Editing stuff can be infuriating because it means spending even more time on
something that you want to just write, publish and be done with, so I guess
I'm not really much of a blogger. ;-)
> I think "fair"phone deserve a slap,nuge,etc. I've been most frustrated
> with them and completely disappointed in them. while I thank them for
> making the sources of the minerals not (so?) evil. there thinking,policy
> about software has been bs :(. it still status quo of a new hole product
> each year or 2 to replace what could be a perfectly good working one if
> it wasn't for the software. it's like there just another group vs group
> and with this group there aim so to keep miners employed at all costs.

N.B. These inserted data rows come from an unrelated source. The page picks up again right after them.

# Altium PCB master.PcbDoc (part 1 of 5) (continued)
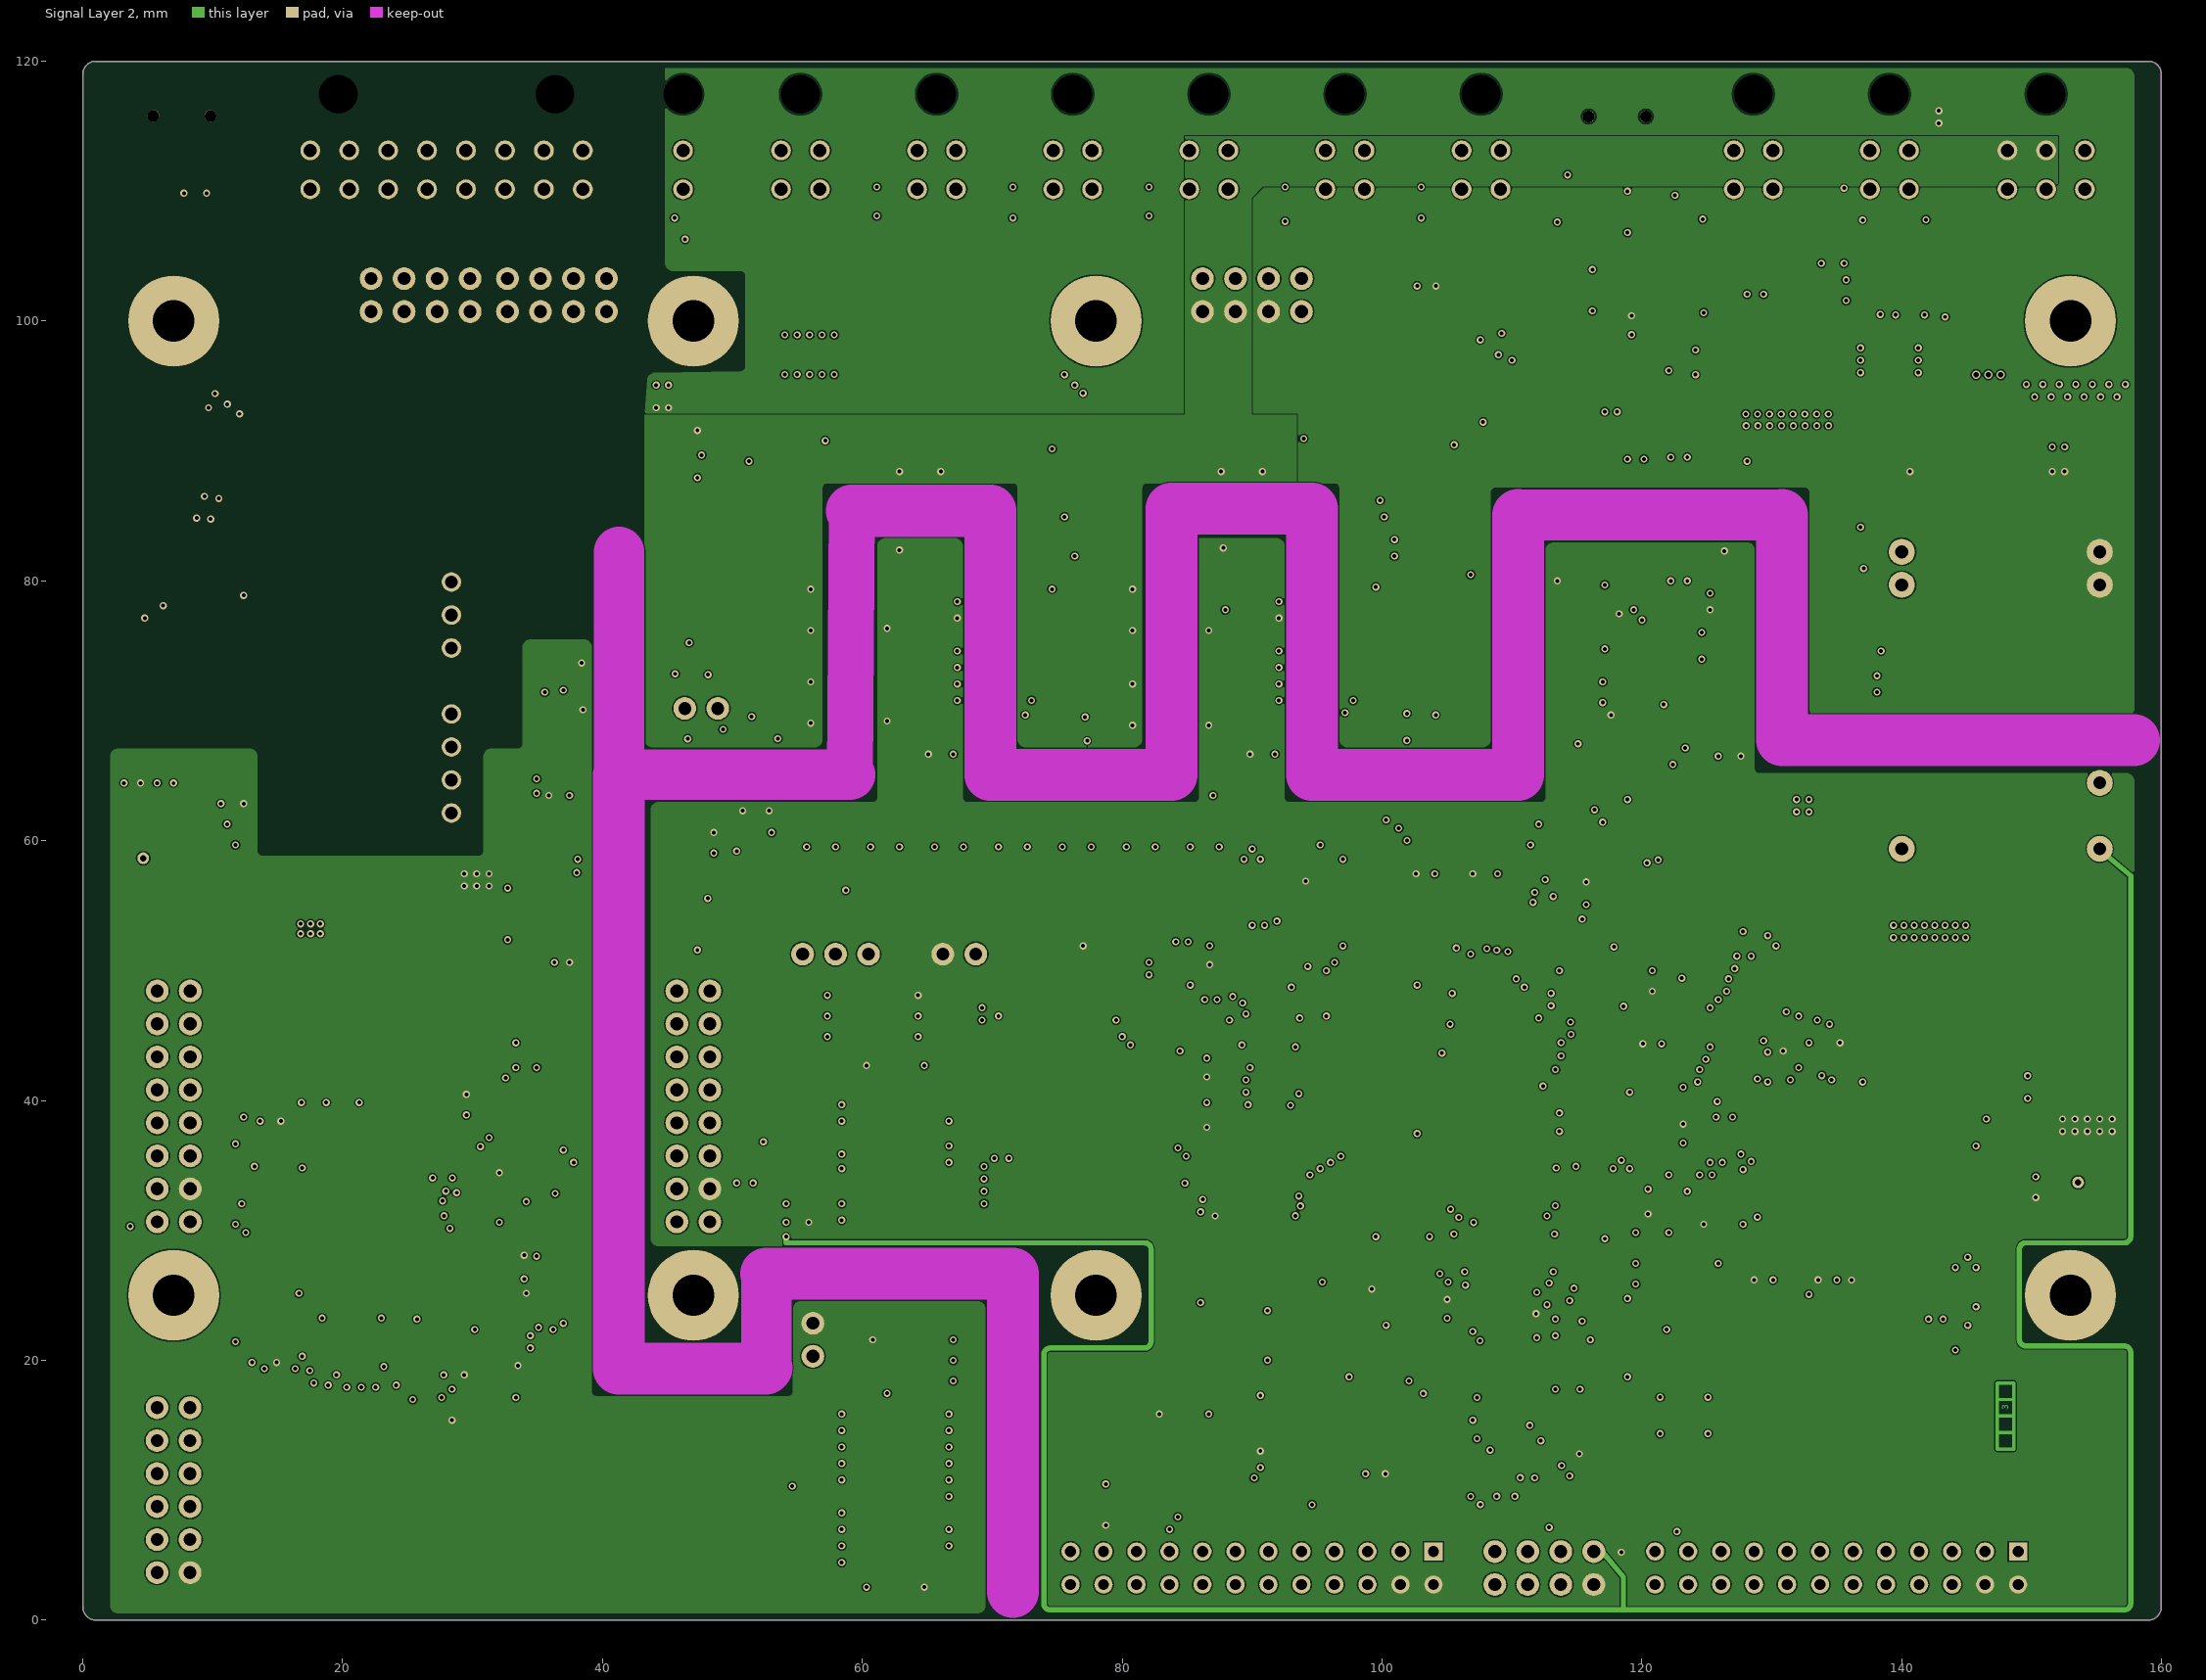
[diagram p3: Signal Layer 2]
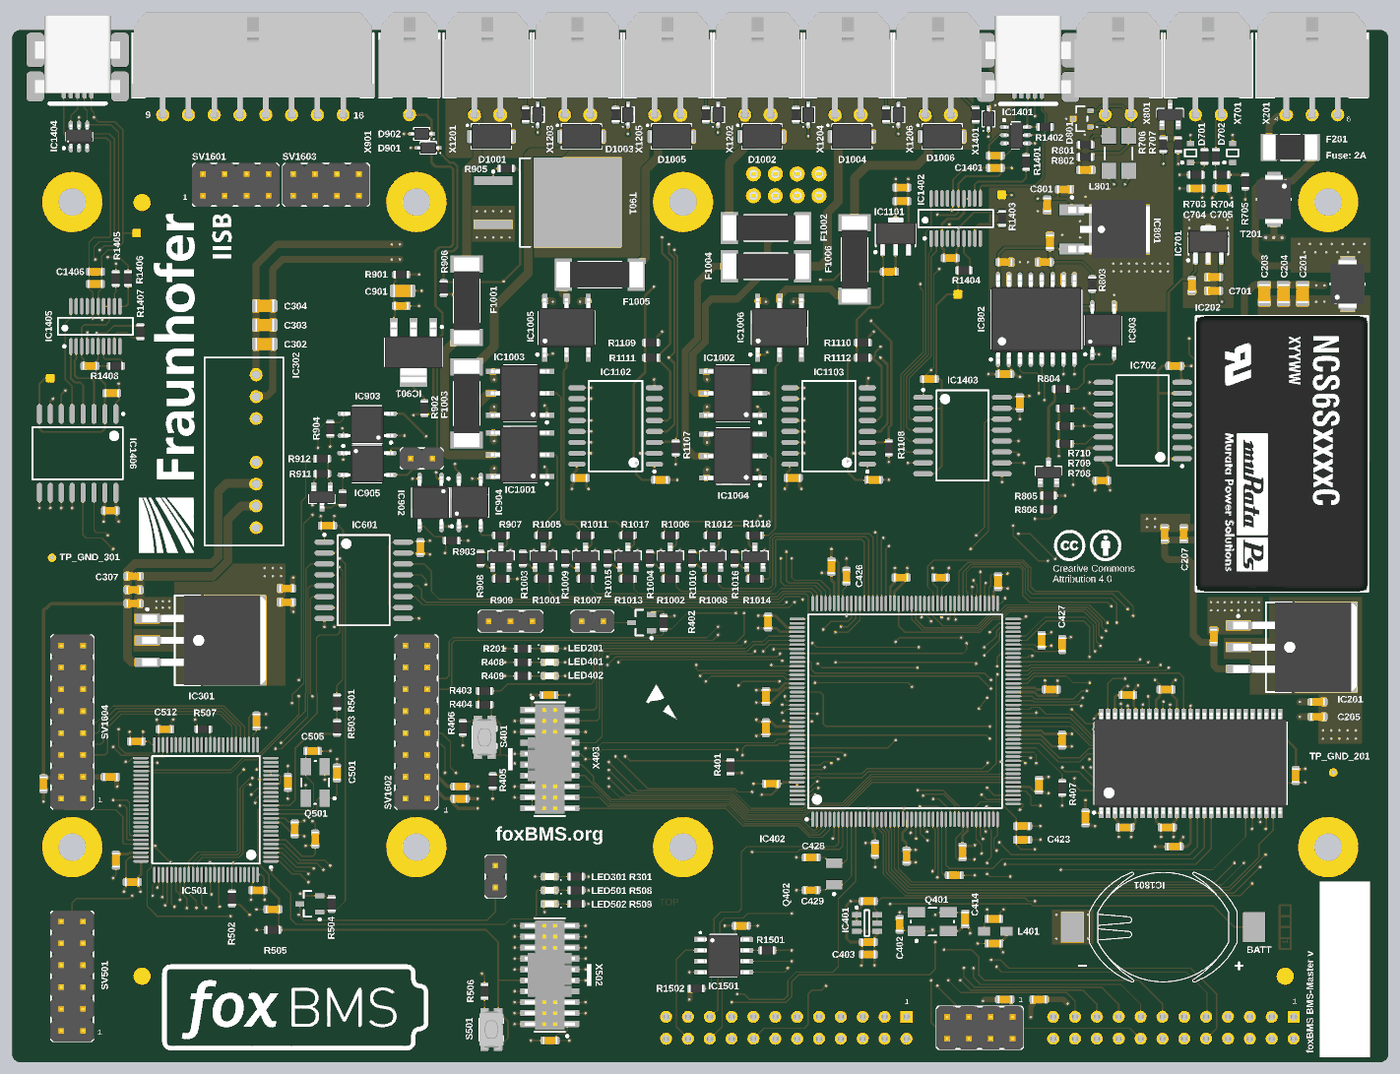
[diagram p8: 3D render of the assembled board from above, using the file's embedded part models]
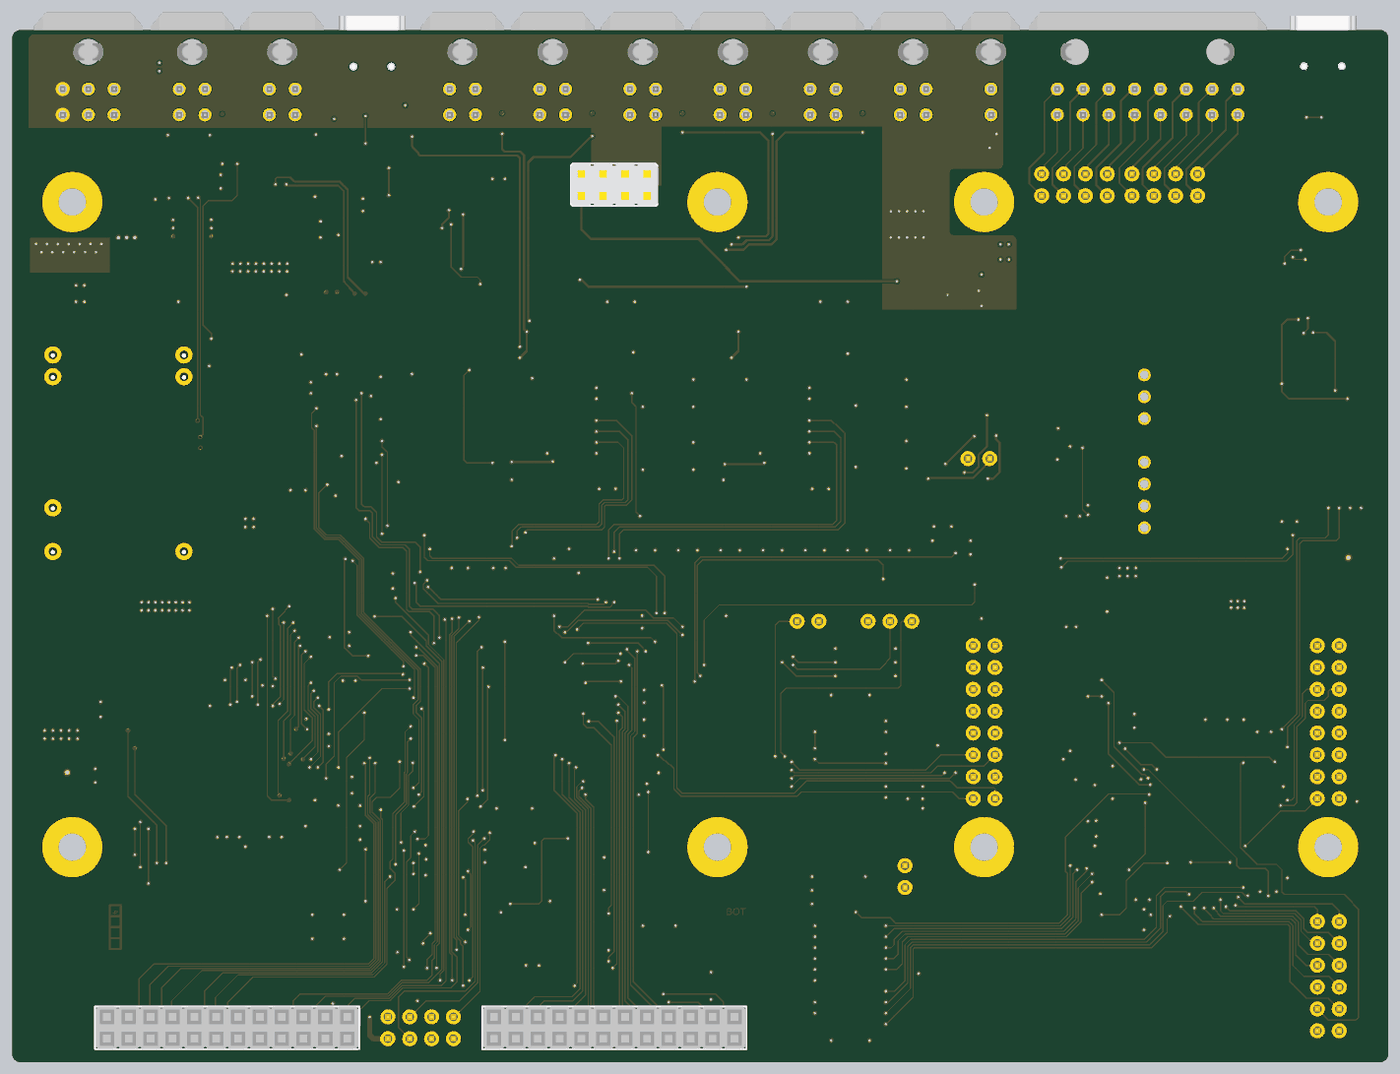
[diagram p9: 3D render of the assembled board from below, using the file's embedded part models]

## Layer stack, top to bottom
Top Solder: solder mask 0.015, Solder Resist, Dk 3.5
Top Copper: signal copper 0.035
Dielectric 1: prepreg 0.36, FR-4, Dk 4.6
Signal Layer 1: signal copper 0.035
Dielectric 2: core 0.7, FR-4, Dk 4.6
Signal Layer 2: signal copper 0.035
Dielectric 3: prepreg 0.36, FR-4, Dk 4.6
Bot Copper: signal copper 0.035
Bottom Solder: solder mask 0.015, Solder Resist, Dk 3.5

## Board outline
159,0 1,0 cw(c1,1) 0,1 0,119 cw(c1,119) 1,120 159,120 cw(c159,119) 160,119 160,1 cw(c159,1)

## Design rules (kind name [scope] priority, off if disabled: settings)
AssemblyTestPointUsage [All] p1 off:
AssemblyTestpoint [(IsPad And (OnTopLayer Or OnBottomLayer)) Or (IsPad And OnMultiLayer)] p1 off: testpointundercomponent=FALSE minsize=1.016 maxsize=2.54 preferedsize=1.524 minholesize=0 maxholesize=1.016 preferedholesize=0.813 testpointgrid=0.025 usegrid=TRUE gridtolerance=0 allowsidetop=TRUE
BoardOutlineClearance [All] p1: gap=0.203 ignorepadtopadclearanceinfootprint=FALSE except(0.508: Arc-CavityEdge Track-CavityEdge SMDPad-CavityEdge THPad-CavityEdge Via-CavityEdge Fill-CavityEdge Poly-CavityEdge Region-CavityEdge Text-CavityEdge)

> while claiming the better morals :(
I don't think the miners really want to keep doing their jobs if they could be
doing something nicer, but that leads to the problem of economic development
in those countries. And that's not a developed versus developing world issue:
mining was big in places like the UK for a long time, but you have to ask
whether sufficient opportunities were created when those industries were run
down a few decades ago. Still, I'm going a bit off-topic here and will
exercise restraint to keep the message short. ;-)
> so thats why i will never get a unfair-to-me-phone.
One thing Fairphone has arguably managed to achieve is a very public focus on
sourcing, as we saw recently with accusations (the Panorama programme on the
BBC, I think) about Apple's tin sourcing from Indonesia, with the apparent
need for a response by Apple's CEO and assertions (like we've seen around fair
employment) that Apple is supposedly improving the situation.
But on matters of privacy, ownership of devices, and competition issues, the
situation is as dire as it was for the personal computer industry, if not
worse. Here, it's no longer sufficient to deliver an unfair device that's
produced in a relatively fair way, and then to claim that it is "fair".